Typically, however, developers will simply code these object manipulations directly as calls to methods of the appropriate type.  Aside from being tedious and repetitive, however, this practice also violates the principle of InformationHiding, thus hampering !FrameworkReusability.

The solution?  Delegate data management to a Rack.  Racks provide as their primary interface these methods:

 * 'getItem(key)' - retrieve an object

 * 'newItem(key)' - create a new object of the appropriate kind

(Notice that there is no delItem - you must ask an object to delete itself.)

The Rack itself implements the storage details.  Racks are DataManagers, which means they can also provide arbitrary additional data and behavior to their contents, which must be RackMountables.
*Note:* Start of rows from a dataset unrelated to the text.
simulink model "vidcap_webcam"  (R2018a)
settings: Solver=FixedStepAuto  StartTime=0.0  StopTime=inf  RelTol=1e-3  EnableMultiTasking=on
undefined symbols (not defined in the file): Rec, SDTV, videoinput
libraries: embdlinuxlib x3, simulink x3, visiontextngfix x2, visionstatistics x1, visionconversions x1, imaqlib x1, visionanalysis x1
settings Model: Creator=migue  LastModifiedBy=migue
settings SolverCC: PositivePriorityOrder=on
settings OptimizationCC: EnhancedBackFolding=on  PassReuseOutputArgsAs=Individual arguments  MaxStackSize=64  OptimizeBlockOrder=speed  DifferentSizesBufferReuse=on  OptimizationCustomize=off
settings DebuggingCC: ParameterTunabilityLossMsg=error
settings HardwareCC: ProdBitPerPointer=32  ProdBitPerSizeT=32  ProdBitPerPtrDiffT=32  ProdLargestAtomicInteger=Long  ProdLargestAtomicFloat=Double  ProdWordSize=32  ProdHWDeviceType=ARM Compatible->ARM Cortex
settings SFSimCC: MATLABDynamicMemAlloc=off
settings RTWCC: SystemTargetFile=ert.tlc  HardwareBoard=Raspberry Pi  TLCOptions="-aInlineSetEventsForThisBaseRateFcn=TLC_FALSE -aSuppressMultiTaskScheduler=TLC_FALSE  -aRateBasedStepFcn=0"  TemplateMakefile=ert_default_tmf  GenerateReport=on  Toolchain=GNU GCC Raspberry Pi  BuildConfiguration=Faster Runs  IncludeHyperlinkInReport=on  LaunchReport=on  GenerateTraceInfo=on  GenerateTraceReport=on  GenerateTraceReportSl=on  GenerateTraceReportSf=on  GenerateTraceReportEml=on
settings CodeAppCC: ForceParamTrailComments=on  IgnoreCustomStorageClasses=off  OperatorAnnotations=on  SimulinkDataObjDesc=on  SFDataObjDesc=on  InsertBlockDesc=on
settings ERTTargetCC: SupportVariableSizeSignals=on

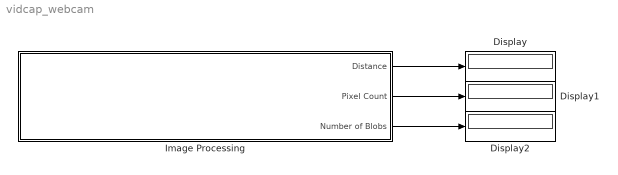
== system vidcap_webcam ==
  Display : Display
  Display1 : Display
  Display2 : Display
  "Image Processing " : Subsystem
  wires:
  "Image Processing "/1(Distance) -> Display/1
  "Image Processing "/2(Pixel Count) -> Display1/1
  "Image Processing "/3(Number of Blobs) -> Display2/1

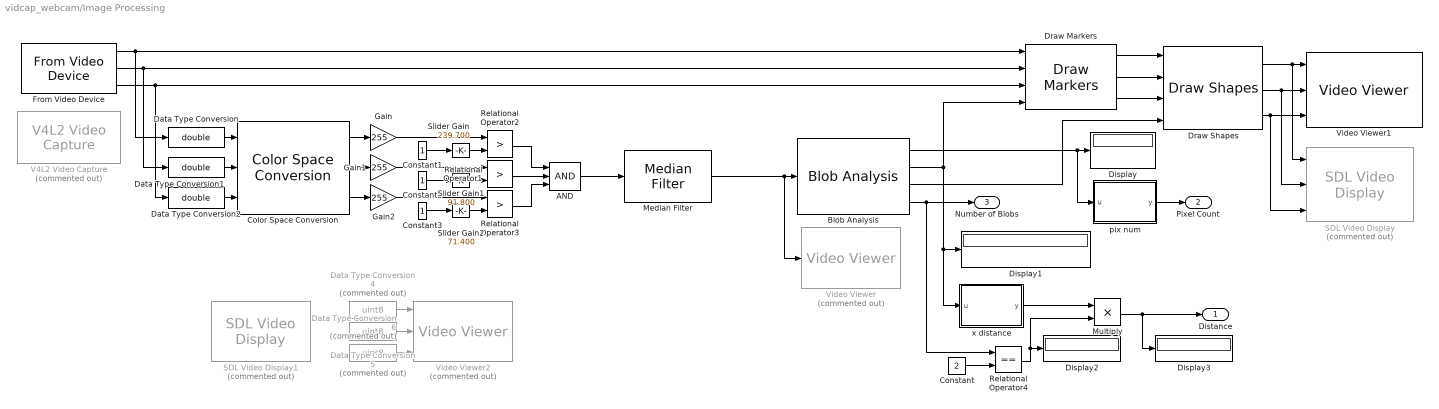
== system vidcap_webcam/Image Processing  ==
  AND : Logic  Inputs=3  IconShape=distinctive  AllPortsSameDT=off  OutDataTypeStr=boolean
  Blob Analysis : visionstatistics/Blob Analysis  Tag=vipblks_row_conv  area=on  centroid=on  bBox=on  majorAxis=off  minorAxis=off  angle=off  eccentricity=off  equivDiameterSq=off  extent=off  perimeter=off  maxBlobs=2  warnIfNumBlobsExceeded=on  isCount=on  useMinArea=on  minArea=2500  useMaxArea=off  maxArea=intmax('uint32')  excludeBorderBlob=off  outDT=double  isOutVarDim=off  isFill=on  fillValues=-1  conn=8  isLabel=off  outputMode=Binary point scaling  outputWordLength=32  outputFracLength=16  firstCoeffMode=Binary point scaling  firstCoeffWordLength=16  firstCoeffFracLength=14  secondCoeffMode=Binary point scaling  secondCoeffWordLength=32  secondCoeffFracLength=16  accumMode=Binary point scaling  accumWordLength=32  accumFracLength=0  prodOutputMode=Binary point scaling  prodOutputWordLength=32  prodOutputFracLength=16  roundingMode=Floor  overflowMode=off
      settings: SourceProductName=Computer Vision System Toolbox
  Color Space Conversion : visionconversions/Color Space  Conversion  conversion=Obsolete  conversionActive=R'G'B' to HSV  wp_str=D65  rec=Rec. 601 (SDTV)  sys=1125/60/2:1  imagePorts=Separate color signals
      settings: SourceProductName=Computer Vision System Toolbox
  Constant : Constant  Value=2
  Constant1 : Constant  OutDataTypeStr=uint8
  Constant2 : Constant  OutDataTypeStr=uint8
  Constant3 : Constant  OutDataTypeStr=uint8
  Data Type Conversion : DataTypeConversion  OutDataTypeStr=double  RndMeth=Simplest  LockScale=on
  Data Type Conversion1 : DataTypeConversion  OutDataTypeStr=double  RndMeth=Simplest  LockScale=on
  Data Type Conversion2 : DataTypeConversion  OutDataTypeStr=double  RndMeth=Simplest  LockScale=on
  Data Type Conversion4 : DataTypeConversion  Commented=on  OutDataTypeStr=uint8
  Data Type Conversion5 : DataTypeConversion  Commented=on  OutDataTypeStr=uint8
  Data Type Conversion6 : DataTypeConversion  Commented=on  OutDataTypeStr=uint8
  Display{,1..3} (4 alike) : Display
  Draw Markers : visiontextngfix/Draw Markers  shape=X-mark  size=5  fill=off  fillClrSource=Specify via dialog  display=White  intensity=200  color=[200 255 100]  opacity=0.6  viewport=Entire image  antialiasing=off  inType=Obsolete  imagePorts=Separate color signals  prodOutputMode=Binary point scaling  prodOutputWordLength=32  prodOutputFracLength=14  memoryMode=Specify word length  memoryWordLength=16  memoryFracLength=15  roundingMode=Floor  overflowMode=off
      settings: SourceProductName=Computer Vision System Toolbox  SourceProductBaseCode=VP
  Draw Shapes : visiontextngfix/Draw Shapes  shape=Rectangles  fill=off  lineWidth=3  fillClrSource=Specify via dialog  display=White  intensity=200  color=[200 255 100]  opacity=0.6  viewport=Entire image  antialiasing=off  inType=Obsolete  imagePorts=Separate color signals  prodOutputMode=Binary point scaling  prodOutputWordLength=32  prodOutputFracLength=14  memoryMode=Specify word length  memoryWordLength=16  memoryFracLength=15  roundingMode=Floor  overflowMode=off
      settings: SourceProductName=Computer Vision System Toolbox
  From Video Device : imaqlib/From Video Device  DeviceMenu=winvideo 1 (HD WebCam)  Device=winvideo 1 (HD WebCam)  ObjConstructor=videoinput('winvideo', 1)  VideoFormatMenu=MJPG_1280x720  VideoFormat=MJPG_1280x720  VideoSource=input1  ROIPosition=[0 0 480 640]  EnableHWTrigger=off  TriggerConfiguration=winvideo 1 (HD WebCam)  SampleTime=1/30  OutputPortsMode=Separate color signals  DataType=single  CanDoHWTrigger=no  ReturnedColorSpace=rgb  BlockHandle=250.0001  ROIWidth=640  ROIHeight=480  ROIColumn=0  ROIRow=0  EngXMLPath=C:\Program Files\MATLAB\R2018a\toolbox\imaq\imaq\private  DevXMLPath=C:\ProgramData\MATLAB\SupportPackages\R2018a\toolbox\imaq\supportpackages\genericvideo\adaptor\win64  EngLibPath=C:\Program Files\MATLAB\R2018a\toolbox\imaq\imaqblks\imaqmex\win64  ColorSpace=rgb  BayerSensorAlignment=grbg
      settings: SourceProductName=Image Acquisition Toolbox
  Gain : Gain  Gain=255
  Gain1 : Gain  Gain=255
  Gain2 : Gain  Gain=255
  Median Filter : visionanalysis/Median Filter  nghbood=[5 5]  outSize=Same as input port I  padType=Constant  padSrc=Specify via dialog  padVal=0  roundingMode=Floor  overflowMode=off
      settings: SourceProductName=Computer Vision System Toolbox  SourceProductBaseCode=VP
  Multiply : Product  OutDataTypeStr=double  LockScale=on
  Relational Operator1 : RelationalOperator  Operator=>  OutDataTypeStr=boolean  RndMeth=Simplest
  Relational Operator2 : RelationalOperator  Operator=>  OutDataTypeStr=boolean  RndMeth=Simplest
  Relational Operator3 : RelationalOperator  Operator=>  OutDataTypeStr=boolean  RndMeth=Simplest
  Relational Operator4 : RelationalOperator  Operator===  OutDataTypeStr=boolean  RndMeth=Simplest
  SDL Video Display : embdlinuxlib/SDL Video Display  Commented=on  pixelFormat=RGB  pixelOrder=Planar  rowMajor=on  blockPlatform=Raspberry Pi
      settings: SourceProductName=Simulink Support Package for Raspberry Pi Hardware  SourceProductBaseCode=RASPPI
  SDL Video Display1 : embdlinuxlib/SDL Video Display  Commented=on  pixelFormat=RGB  pixelOrder=Planar  rowMajor=on  blockPlatform=Raspberry Pi
      settings: SourceProductName=Simulink Support Package for Raspberry Pi Hardware  SourceProductBaseCode=RASPPI
  Slider Gain : simulink/Math Operations/Slider Gain  gain=239.700  low=0  high=255
  Slider Gain1 : simulink/Math Operations/Slider Gain  gain=91.800  low=0  high=255
  Slider Gain2 : simulink/Math Operations/Slider Gain  gain=71.400  low=0  high=255
  V4L2 Video Capture : embdlinuxlib/V4L2 Video Capture  Commented=on  m_devName='/dev/video0'  roi=[0, 0, 640, 480]  imSizeSelection=640x480  imSize=[1280, 720]  pixelFormat=RGB  pixelOrder=Planar  sampleTime=1/10  simOutput=Colorbars  blockPlatform=Raspberry Pi
      settings: SourceProductName=Simulink Support Package for Raspberry Pi Hardware  SourceProductBaseCode=RASPPI
  Video Viewer : VideoViewer  Commented=on  FigPos=[561 735 732 627]
  Video Viewer1 : VideoViewer  imagePorts=separate color signals  FigPos=[3 755 732 627]
  Video Viewer2 : VideoViewer  Commented=on  imagePorts=separate color signals  FigPos=[271 744 732 627]
  pix num : MATLAB Function  TreatAsAtomicUnit=on
  x distance : MATLAB Function  TreatAsAtomicUnit=on
  Distance : Outport
  Pixel Count : Outport  Port=2
  Number of Blobs : Outport  Port=3
  wires:
  Constant1/1 -> Slider Gain/1
  Draw Markers/2 -> Draw Shapes/2
  Draw Shapes/3 -> Video Viewer1/3, SDL Video Display/3
  From Video Device/3 -> Data Type Conversion2/1, Draw Markers/3
  Blob Analysis/3 -> Draw Shapes/4
  Draw Shapes/1 -> SDL Video Display/1, Video Viewer1/1
  Data Type Conversion/1 -> Color Space Conversion/1
  Draw Shapes/2 -> Video Viewer1/2, SDL Video Display/2
  From Video Device/1 -> Draw Markers/1, Data Type Conversion/1
  From Video Device/2 -> Draw Markers/2, Data Type Conversion1/1
  Blob Analysis/1 -> pix num/1(u), Display/1
  Median Filter/1 -> Video Viewer/1, Blob Analysis/1
  Data Type Conversion1/1 -> Color Space Conversion/2
  Blob Analysis/2 -> x distance/1(u), Display1/1, Draw Markers/4
  Draw Markers/1 -> Draw Shapes/1
  Data Type Conversion2/1 -> Color Space Conversion/3
  Draw Markers/3 -> Draw Shapes/3
  Data Type Conversion4/1 -> Video Viewer2/1
  Data Type Conversion5/1 -> Video Viewer2/2
  Data Type Conversion6/1 -> Video Viewer2/3
  Slider Gain/1 -> Relational Operator2/2
  Color Space Conversion/1 -> Gain/1
  Gain/1 -> Relational Operator2/1
  Color Space Conversion/2 -> Gain1/1
  Color Space Conversion/3 -> Gain2/1
  Gain1/1 -> Relational Operator1/1
  Slider Gain1/1 -> Relational Operator1/2
  Constant2/1 -> Slider Gain1/1
  Gain2/1 -> Relational Operator3/1
  Slider Gain2/1 -> Relational Operator3/2
  Constant3/1 -> Slider Gain2/1
  Relational Operator2/1 -> AND/1
  Relational Operator1/1 -> AND/2
  Relational Operator3/1 -> AND/3
  AND/1 -> Median Filter/1
  pix num/1(y) -> Pixel Count/1
  Multiply/1 -> Display3/1, Distance/1
  x distance/1(y) -> Multiply/1
  Blob Analysis/4 -> Number of Blobs/1, Relational Operator4/1
  Constant/1 -> Relational Operator4/2
  Relational Operator4/1 -> Display2/1, Multiply/2

== matlab function vidcap_webcam/Image Processing /pix num ==
  data: u input; y output
function y = area(u)

y = u(1) + u(2);

== matlab function vidcap_webcam/Image Processing /x distance ==
  data: u input; y output
function y = dist(u)

y = abs(u(2,1) - u(1,1));

Currently, the ZPatterns implementation provides a basic Rack that uses the ZODB for storage, but can be easily subclassed to use other storage techniques such as SQL, LDAP and so on, by overriding just a few methods.  For example, the LoginManager system derives the classes for UserSources from Rack, making LDAP and SQL UserSources possible.  There are several benefits:

 * Generic Racks can be developed for a variety of storage backends, which are then reusable for any number of applications

 * Application-level code doesn't know or care *how* their data is stored, making it easy to change backends at a later date.

 * The Rack interface becomes a common idiom (or "standard idiot" as !JimFulton would say), giving an application designer/developer one less thing to think about.

 * The application developer/integrator can now be someone who doesn't know how to access a database, or even how !SQLMethods work, as long as someone knowledgeable configures the Rack.

As useful as Racks are by themselves, they are even more powerful in the context of a Specialist.  [Specialists] provide another layer of abstraction above Racks that adds capabilities such as traversability (i.e. URL-based access to contents), "class methods", and the ability to present a unified interface to data which is actually stored in multiple Racks.